Another approach is that a list of entity keys of the other side is stored on one side of the relationship. This is useful when the number of stored items is limited (say, a few hundred or less). With this list it is convenient to perform batch operations. For example:
class Pet(db.Model): name = db.StringProperty() class Owner(db.Model): name = db.StringProperty() pets = db.ListProperty(db.Key)

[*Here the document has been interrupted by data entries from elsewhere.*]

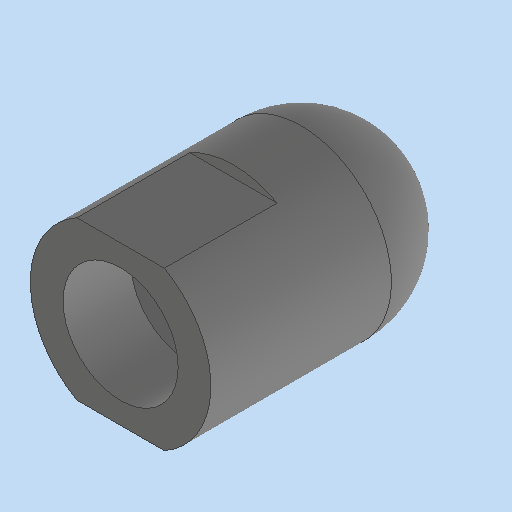
# Autodesk Inventor part: MM0948AN130_G13_103
Saved by Autodesk Inventor 2023.3 (Build 273359000, 359)
## iProperties
Created: 2024-11-11
Part Number: MM0948AN130_G13_103
Material: 1.2099 X5CrS12
Description: =<RBPARTNOTITLE2>
Document SubType Name: Modeling
Designer: RIC7AN
Mass: 3.12579 g
Surface Area: 4.6724 cm^2
Volume: 0.39819 cm^3
Density: 7.85 g/cm^3
Appearance: Stahl - rostfrei AnP
RBPARTMADEOF: Ø8 x 12 (FM)
RBDRAWINGMISSINGSPEC: --
AnP_Kategorie: 1
RBPARTNOTITLE2: Anfertigungsteil
RBSURFACE: --
RBPARTNOTITLE1: manufactured part
RBSURFACE2: --
AnP_Material: =<Material>
RBMATERIAL: =<Material>
RBMATNO: =<Part Number>
RBPARTNO: SIEHE MNR
MaxAbmaße: 8 x 12 x 8 (FM)
Author: RIC7AN
Keywords: =<RBPARTMADEOF>
Comments: =<RBSURFACE2>
Revision Number: 01
Autodesk Inventor part; units mm, degrees
ref_plane "YZ Plane" through (0, 0, 0) normal (1, 0, 0) x (0, 1, 0)
ref_plane "XZ Plane" through (0, 0, 0) normal (0, 1, 0) x (-1, 0, 0)
ref_plane "XY Plane" through (0, 0, 0) normal (0, 0, 1) x (1, 0, 0)
sketch "Skizze1" plane through (0, 0, 0) normal (0, 0, 1) x (1, 0, 0)
  line L0 (-4, 8) -> (0, 8)
  line L1 (0, 8) -> (0, 0)
  line L2 (0, 0) -> (-4, 0)
  line L3 (-4, 0) -> (-4, 8)
  arc A0 (0, 12) -> (-4, 8) centre (0, 8) ccw
  line L4 (0, 12) -> (0, 8)
  dimension "d0" = 8
  dimension "d1" = 4
  constraints: 10 end point, 2 parallel, 2 point on circle, 1 centre point, 1 coincident, 1 horizontal, 1 perpendicular, 1 vertical
  measures "d0" distance of L2.end L0.start
  measures "d1" distance between parallel lines of L1 L3
revolve "Umdrehung1" add sketch "Skizze1" angle 360 about axis through (0, 12, 0) along (0, -1, 0)
sketch "Skizze2" plane through (0, 0, 0) normal (0, -1, 0) x (1, 0, 0)
  point P0 (0, 0)
  point P1 (0, 0)
  constraints: 1 coincident
hole "Bohrung1" at (0, 0, 0) direction (0, 1, 0) diameter 5.1 depth 3 tip angle 118
sketch "Skizze3" plane through (0, 0, 0) normal (0, -1, 0) x (1, 0, 0)
  point P0 (0, 0)
  point P1 (0, 0)
  constraints: 1 coincident
hole "Bohrung2" at (0, 0, 0) direction (0, 1, 0) diameter 3.242 depth 10 tip angle 118 thread size "M4x0.7" designation "M4" class "6H" standard "ISO Metric profile"
sketch "Skizze4" plane through (0, 0, 0) normal (0, -1, 0) x (1, 0, 0)
  circle A0 centre (0, 0) radius 2.55 projected
  circle A1 centre (0, 0) radius 4 projected
  line L0 (-1.9365, 3.5) -> (1.9365, 3.5)
  line L1 (1.9365, 3.5) -> (1.9365, -3.5)
  line L2 (1.9365, -3.5) -> (-1.9365, -3.5)
  line L3 (-1.9365, -3.5) -> (-1.9365, 3.5)
  line L4 (0, 5.6) -> (0, -5.6) projected
  line L5 (-5.6, 0) -> (5.6, 0) projected
  point P0 (0, 0)
  point P1 (-1.9365, -3.5)
  dimension "d17" = 7
  constraints: 8 end point, 2 parallel, 2 point on circle, 1 horizontal, 1 perpendicular, 1 other
  measures "d17" distance of L0.end L1.end
extrude "Extrusion1" cut sketch "Skizze4" against normal blind 5 contours L0 L4 A1 | A1 L4 L2 | L0 A1 L4 | L4 A1 L2

From each "owner" you can extract a list of his "pets":
pets = db.get(bob.pets)
And to find all the "owners" for a given "pet", run this query:
owners = Owner.all().filter('pets =', felix).fetch(100)
Finally, a hybrid approach may prove to be the most productive and flexible. On this subject, I advise you to look at the wonderful report by Bret Slatkins.
Development of complex scalable applications on App Engine .
* -
refers to the pattern developed by the author of the article for extracting entities from links without executing unnecessary queries to the repository. In short, the reference field does not load the entity immediately, and when accessing an attribute or a method of reference, the query will be completed. To minimize the number of requests, the pattern loads entities by reference at a time (approx. Translator).